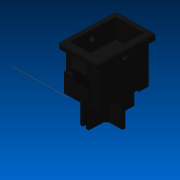
# Autodesk Inventor part: Arcolectric H8550VB Rocker Switch Housing
Saved by Autodesk Inventor 2016 (Build 200138000, 138)
## iProperties
Created: 2012-08-10
Material: Nylon 6/6
Document SubType Name: Modeling
Designer: sdarley
Density: 1.13 g/cm^3
Project: Rocker Switch - Arcolectric H8550VB
Description: Arcolectric H8550VB Rocker Switch Housing
Vendor: Arcolectric
Stock Number: H8550VB
Appearance: Black Control Joints
Author: sdarley
Title: Arcolectric H8550VB Rocker Switch Housing
Revision Number: 1
Autodesk Inventor part; units mm, degrees
ref_plane "YZ Plane" through (0, 0, 0) normal (1, 0, 0) x (0, 1, 0)
ref_plane "XZ Plane" through (0, 0, 0) normal (0, 1, 0) x (-1, 0, 0)
ref_plane "XY Plane" through (0, 0, 0) normal (0, 0, 1) x (1, 0, 0)
sketch "Sketch1" plane through (0, 0, 0) normal (0, 1, 0) x (-1, 0, 0)
  line L0 (7.475, 10.475) -> (-7.475, 10.475)
  line L1 (-7.475, 10.475) -> (-7.475, -10.475)
  line L2 (-7.475, -10.475) -> (7.475, -10.475)
  line L3 (7.475, -10.475) -> (7.475, 10.475)
  line L4 (7.475, 10.475) -> (-7.475, -10.475) construction
  line L5 (-7.475, 10.475) -> (7.475, -10.475) construction
  line L6 (5.25, 8.25) -> (-5.25, 8.25)
  line L7 (-5.25, 8.25) -> (-5.25, -8.25)
  line L8 (-5.25, -8.25) -> (5.25, -8.25)
  line L9 (5.25, -8.25) -> (5.25, 8.25)
  line L10 (5.25, 8.25) -> (-5.25, -8.25) construction
  line L11 (-5.25, 8.25) -> (5.25, -8.25) construction
  point P0 (0, 0)
  dimension "d0" = 14.95
  dimension "d1" = 20.95
  dimension "d2" = 10.5
  dimension "d3" = 16.5
  constraints: 24 end point, 4 midpoint, 4 parallel, 2 horizontal, 2 perpendicular
  measures "d0" distance of L2.end L1.end
  measures "d1" distance of L1.end L0.end
  measures "d2" distance of L8.end L7.end
  measures "d3" distance of L7.end L6.end
extrude "Extrusion1" add sketch "Sketch1" along normal blind 2
sketch "Sketch2" plane through (0, 0, 0) normal (0, -1, 0) x (1, 0, 0)
  line L0 (-5.25, -8.25) -> (-5.25, 8.25) projected
  line L1 (-5.25, 8.25) -> (5.25, 8.25) projected
  line L2 (5.25, 8.25) -> (5.25, -8.25) projected
  line L3 (5.25, -8.25) -> (-5.25, -8.25) projected
  line L4 (-6.4, -9.175) -> (6.4, -9.175)
  line L5 (6.4, -9.175) -> (6.4, 9.175)
  line L6 (6.4, 9.175) -> (-6.4, 9.175)
  line L7 (-6.4, 9.175) -> (-6.4, -9.175)
  line L8 (-6.4, -9.175) -> (6.4, 9.175) construction
  line L9 (6.4, -9.175) -> (-6.4, 9.175) construction
  point P0 (0, 0)
  dimension "d6" = 12.8
  dimension "d7" = 18.35
  constraints: 12 end point, 2 midpoint, 2 parallel, 1 horizontal, 1 perpendicular
  measures "d6" distance of L6.end L5.end
  measures "d7" distance of L5.end L4.end
extrude "Extrusion2" add sketch "Sketch2" along normal blind 14
sketch "Sketch3" plane through (0, -14, 0) normal (0, -1, 0) x (1, 0, 0)
  line L0 (-5.25, 8.25) -> (5.25, 8.25) projected
  line L1 (5.25, 8.25) -> (5.25, -8.25) projected
  line L2 (5.25, -8.25) -> (-5.25, -8.25) projected
  line L3 (-5.25, -8.25) -> (-5.25, 8.25) projected
  point P0 (0, 0)
extrude "Extrusion3" add sketch "Sketch3" against normal blind 9
sketch "Sketch4" plane through (6.4, 0, 9.175) normal (1, 0, 0) x (0, 0, -1)
  circle A0 centre (9.175, -1) radius 1
  line L0 (-1.3, 0) -> (19.65, 0) projected
  point P0 (9.175, 0)
  point P1 (9.175, 0)
  dimension "d12" = 2
  constraints: 1 centre point, 1 midpoint, 1 tangent, 1 vertical alignment
  measures "d12" diameter of A0
extrude "Extrusion4" cut sketch "Sketch4" against normal through all
sketch "Sketch5" plane through (-6.4, -14, -9.175) normal (-1, 0, 0) x (0, 0, 1)
  line L0 (0, 14) -> (0.65, 14)
  line L1 (0.65, 14) -> (0.65, 6.75)
  line L2 (0.65, 6.75) -> (0, 6.75)
  line L3 (0, 6.75) -> (0, 14)
  line L4 (18.35, 14) -> (17.7, 14)
  line L5 (17.7, 14) -> (17.7, 6.75)
  line L6 (17.7, 6.75) -> (18.35, 6.75)
  line L7 (18.35, 6.75) -> (18.35, 14)
  dimension "d15" = 7.25
  dimension "d17" = 17.05
  constraints: 16 end point, 4 parallel, 2 horizontal, 2 perpendicular, 1 collinear, 1 horizontal alignment
  measures "d15" distance between parallel lines of L2 L0
  measures "d17" distance between parallel lines of L5 L1
extrude "Extrusion5" cut sketch "Sketch5" against normal through all
sketch "Sketch6" plane through (0, -14, 0) normal (0, -1, 0) x (1, 0, 0)
  line L0 (6.4, -9.175) -> (6.4, 9.175) projected
  line L1 (6.4, 9.175) -> (-6.4, 9.175) projected
  line L2 (-6.4, -9.175) -> (6.4, -9.175) projected
  line L3 (-6.4, 9.175) -> (-6.4, -9.175) projected
  line L4 (6.4, -0.175) -> (6.4, 0.825)
  line L5 (-6.4, 0.825) -> (-6.4, -0.175)
  line L6 (-0.5, 9.175) -> (0.5, 9.175)
  line L7 (0.5, -9.175) -> (-0.5, -9.175)
  line L8 (6.4, 0.825) -> (1.3077, 0.825)
  line L9 (-1.3077, 0.825) -> (-6.4, 0.825)
  line L10 (-0.5, -9.175) -> (-0.5, -0.9827)
  line L11 (-0.5, 1.6327) -> (-0.5, 9.175)
  line L12 (0.5, 9.175) -> (0.5, 1.6327)
  line L13 (0.5, -0.9827) -> (0.5, -9.175)
  line L14 (-6.4, -0.175) -> (-1.3077, -0.175)
  line L15 (1.3077, -0.175) -> (6.4, -0.175)
  arc A0 (-0.5, 1.6327) -> (-1.3077, 0.825) centre (0, 0.325) ccw
  arc A1 (1.3077, 0.825) -> (0.5, 1.6327) centre (0, 0.325) ccw
  arc A2 (-1.3077, -0.175) -> (-0.5, -0.9827) centre (0, 0.325) ccw
  arc A3 (0.5, -0.9827) -> (1.3077, -0.175) centre (0, 0.325) ccw
  point P0 (0, 0)
  point P1 (0, 9.175)
  point P2 (0, 9.175)
  point P3 (0, 9.175)
  point P4 (-6.4, 0.325)
  point P5 (0, 0.325)
  point P6 (0, -9.175)
  point P7 (0, -9.175)
  dimension "d32" = 9
  dimension "d33" = 1
  dimension "d34" = 1
  dimension "d36" = 1.4
  constraints: 24 end point, 10 parallel, 8 point on circle, 6 midpoint, 6 vertical alignment, 5 horizontal alignment, 4 centre point, 4 perpendicular, 4 point on line, 3 horizontal, 2 coincident
  measures "d32" distance between parallel lines of L2 L14
  measures "d33" distance between parallel lines of L9 L14
  measures "d34" distance between parallel lines of L12 L11
  measures "d36" radius of A1
extrude "Extrusion6" add sketch "Sketch6" along normal blind 9 contours L15 A3 L13 L2 L10 A2 L14 L3 L9 A0 L11 L1 L12 A1 L8 L0
sketch "Sketch7" plane through (6.4, -7.25, -9.175) normal (0, 0, -1) x (-1, 0, 0)
  line L0 (12.8, -6.75) -> (0, -6.75) projected
  line L1 (0, 0) -> (3.7, 0)
  line L2 (3.7, 0) -> (3.7, -6.75)
  line L3 (3.7, -6.75) -> (0, -6.75)
  line L4 (0, -6.75) -> (0, 0)
  point P0 (6.4, 7.25)
  dimension "d25" = 3.7
  constraints: 8 end point, 2 parallel, 1 horizontal, 1 perpendicular, 1 point on line
  measures "d25" distance between parallel lines of L4 L2
extrude "Extrusion7" cut sketch "Sketch7" against normal up to surface (0.65 mm away)
mirror "Mirror1" about plane through (0, 0, 0) normal (0, 0, 1) of "Extrusion7"
sketch "Sketch8" plane through (-0.5, -14, 1.6327) normal (-1, 0, 0) x (0, 0, 1)
  line L0 (0, 0) -> (7.5423, 0) projected
  line L1 (7.5423, -9) -> (5.4923, -9)
  line L2 (5.4923, -9) -> (5.4923, -6.9)
  line L3 (5.4923, -6.9) -> (7.5423, -6.9)
  line L4 (7.5423, -6.9) -> (7.5423, -9)
  line L5 (-10.8077, 0) -> (-10.8077, -9) projected
  point P0 (-1.6327, 14)
  dimension "d37" = 16.3
  dimension "d38" = 6.9
  constraints: 8 end point, 2 parallel, 1 horizontal, 1 perpendicular
  measures "d37" distance between parallel lines of L2 L5
  measures "d38" distance between parallel lines of L3 L0
extrude "Extrusion8" cut sketch "Sketch8" against normal through all
sketch "Sketch9" plane through (0, 0, 0) normal (1, 0, 0) x (0, 1, 0)
  line L0 (0, -10.475) -> (0, 10.475) projected
  line L1 (-7.25, 8.525) -> (0, 8.525) projected
  line L2 (-7.25, 9.175) -> (-7.25, 8.525) projected
  line L3 (-7.25, 9.175) -> (-14, 9.175) projected
  line L4 (-14, 1.6327) -> (-14, 9.175) projected
  line L5 (0, 8.925) -> (-4, 9.225)
  line L6 (-4, 9.225) -> (-7.25, 8.925)
  arc A0 (-3.9, 10.225) -> (0, 9.725) centre (-0.0802, 24.5597) ccw
  line L7 (-3.9, 10.225) -> (-8.3, 9.175)
  point P0 (0, 0)
  dimension "d41" = 0.7
  dimension "d42" = 0.4
  dimension "d43" = 4
  dimension "d44" = 3.9
  dimension "d45" = 8.3
  dimension "d46" = 0.8
  dimension "d47" = 1
  dimension "d48" = 0.75
  constraints: 6 end point, 4 point on line, 2 point on circle, 1 centre point, 1 horizontal alignment
  measures "d41" distance from line of L5.end L1
  measures "d42" distance from line of L5.start L1
  measures "d43" distance from line of L5.end L0
  measures "d44" distance from line of L7.start L0
  measures "d45" distance from line of L7.end L0
  measures "d46" distance of L5.start A0.end
  measures "d47" vertical distance of L7.start L5.end
  measures "d48" distance edge to line of A0 L5
extrude "Extrusion9" add sketch "Sketch9" along normal mid plane 5.4 contours L5 L6 L2 L3 L7 A0 L0
sketch "Sketch10" plane through (-2.7, 0, 0) normal (-1, 0, 0) x (0, 0, 1)
  arc A0 (9.725, 0) -> (10.225, -3.9) centre (24.5597, -0.0802) ccw projected
  line L0 (8.925, 0) -> (9.725, 0) projected
  line L1 (9.7357, -0.65) -> (9.5253, -0.785)
  line L2 (9.5253, -0.785) -> (9.7474, -0.8997)
  point P0 (0, 0)
  dimension "d52" = 0.25
  dimension "d54" = 0.25
  dimension "d55" = 0.65
  dimension "d56" = 60
  constraints: 4 end point, 2 point on circle
  measures "d52" distance of L1.start L2.end
  measures "d54" distance of L1.start L1.end
  measures "d55" distance from line of L1.start L0
  measures "d56" angle of L2 L1
extrude "Extrusion10" cut sketch "Sketch10" against normal through all
pattern_circular "Circular Pattern1" count 6 over 11 about axis through (0, -0.0802, 24.5597) along (-1, 0, 0) of "Extrusion10"
mirror "Mirror2" about plane through (0, 0, 0) normal (0, 0, 1) of "Extrusion9", "Extrusion10", "Circular Pattern1"
sketch "Sketch11" plane through (0, 0, 0) normal (0, -1, 0) x (1, 0, 0)
  line L0 (-6.4, 8.525) -> (6.4, 8.525) projected
  line L1 (6.4, 8.525) -> (6.4, 0) projected
  line L2 (7.475, -10.475) -> (-7.475, -10.475) projected
  arc A0 (6.4, 6.925) -> (6.4, 7.575) centre (6.374, 7.25) ccw
  line L3 (6.4, 7.575) -> (6.4, 6.925)
  point P0 (0, 0)
  dimension "d62" = 0.95
  dimension "d63" = 0.65
  dimension "d64" = 0.3
  constraints: 2 end point, 2 point on circle, 2 point on line, 1 centre point, 1 perpendicular
  measures "d62" distance from line of L0 L3.start
  measures "d63" distance of L3.start L3.end
  measures "d64" distance edge to line of A0 L1
extrude "Extrusion11" add sketch "Sketch11" along normal blind 5.4
fillet "Fillet1" radius 0.3 1 edges at (6.7, -5.4, 7.25)
mirror "Mirror3" about plane through (0, 0, 0) normal (1, 0, 0) of "Extrusion11", "Fillet1"
mirror "Mirror4" about plane through (0, 0, 0) normal (0, 0, 1) of "Extrusion11", "Fillet1", "Mirror3"
sketch "Sketch12" plane through (-6.4, -1, 0) normal (-1, 0, 0) x (0, 0, 1)
  line L0 (-9.175, -6.25) -> (-9.175, -13) projected
  line L1 (-0.175, -13) -> (-9.175, -13) projected
  line L2 (9.175, -13) -> (0.825, -13) projected
  line L3 (9.175, -6.25) -> (9.175, -13) projected
  line L4 (-4.975, -13) -> (-3.125, -13)
  line L5 (-3.125, -13) -> (-3.125, -12.35)
  line L6 (-3.125, -12.35) -> (-4.975, -12.35)
  line L7 (-4.975, -12.35) -> (-4.975, -13)
  line L8 (3.975, -13) -> (5.825, -13)
  line L9 (5.825, -13) -> (5.825, -12.35)
  line L10 (5.825, -12.35) -> (3.975, -12.35)
  line L11 (3.975, -12.35) -> (3.975, -13)
  dimension "d68" = 1.85
  dimension "d70" = 4.2
  dimension "d71" = 0.65
  dimension "d72" = 3.35
  dimension "d73" = 1.85
  constraints: 16 end point, 4 parallel, 2 horizontal, 2 perpendicular, 2 point on line, 1 horizontal alignment
  measures "d68" distance between parallel lines of L5 L7
  measures "d70" distance between parallel lines of L0 L7
  measures "d71" distance between parallel lines of L1 L6
  measures "d72" distance between parallel lines of L3 L9
  measures "d73" distance of L9.end L10.end
extrude "Extrusion12" cut sketch "Sketch12" against normal blind 5.5
mirror "Mirror5" about plane through (0, 0, 0) normal (1, 0, 0) of "Extrusion12"
fillet "Fillet2" radius 1 8 edges at (-7.475, 1, -10.475) (7.475, 1, -10.475) (7.475, 1, 10.475) (-7.475, 1, 10.475) (0, 2, -10.475) (7.475, 2, 0) (0, 2, 10.475) (-7.475, 2, 0)
fillet "Fillet3" radius 0.1 26 edges at (0, -3.9, -10.225) (0, -3.711, -10.176) (0, -3.1561, -10.0472) (0, -2.5968, -9.9398) (0, -2.9112, -9.9974) (0, -3.4681, -10.1168) (0, -2.3501, -9.8995) (0, -2.0337, -9.854) (0, -1.7856, -9.8231) (0, -1.4677, -9.7898) (0, -1.2186, -9.7685) (0, -0.65, -9.7357) (0, -0.8997, -9.7474) (0, -0.65, 9.7357) (0, -0.8997, 9.7474) (0, -1.2186, 9.7685) (0, -1.4677, 9.7898) (0, -1.7856, 9.8231) (0, -2.0337, 9.854) (0, -2.3501, 9.8995) (0, -2.5968, 9.9398) (0, -2.9112, 9.9974) (0, -3.1561, 10.0472) (0, -3.4681, 10.1168) (0, -3.711, 10.176) (0, -3.9, 10.225)
fillet "Fillet4" radius 0.05 12 edges at (0, -0.785, -9.5253) (0, -1.3616, -9.5635) (0, -1.9364, -9.6237) (0, -2.5083, -9.706) (0, -3.0768, -9.8101) (0, -3.6408, -9.936) (0, -3.6408, 9.936) (0, -3.0768, 9.8101) (0, -2.5083, 9.706) (0, -1.9364, 9.6237) (0, -1.3616, 9.5635) (0, -0.785, 9.5253)
equation "\"d34\" = d33"
equation "\"d54\" = d52"
equation "\"d73\" = d68"
equation "\"d31\" = d30"
equation "\"d30\" = 1"
body "Solid1"
──────────
## [Exercise requirements]
Wherever the string "construction" appears in a line above, copy that line.

## [Response below]
  line L4 (7.475, 10.475) -> (-7.475, -10.475) construction
  line L5 (-7.475, 10.475) -> (7.475, -10.475) construction
  line L10 (5.25, 8.25) -> (-5.25, -8.25) construction
  line L11 (-5.25, 8.25) -> (5.25, -8.25) construction
  line L8 (-6.4, -9.175) -> (6.4, 9.175) construction
  line L9 (6.4, -9.175) -> (-6.4, 9.175) construction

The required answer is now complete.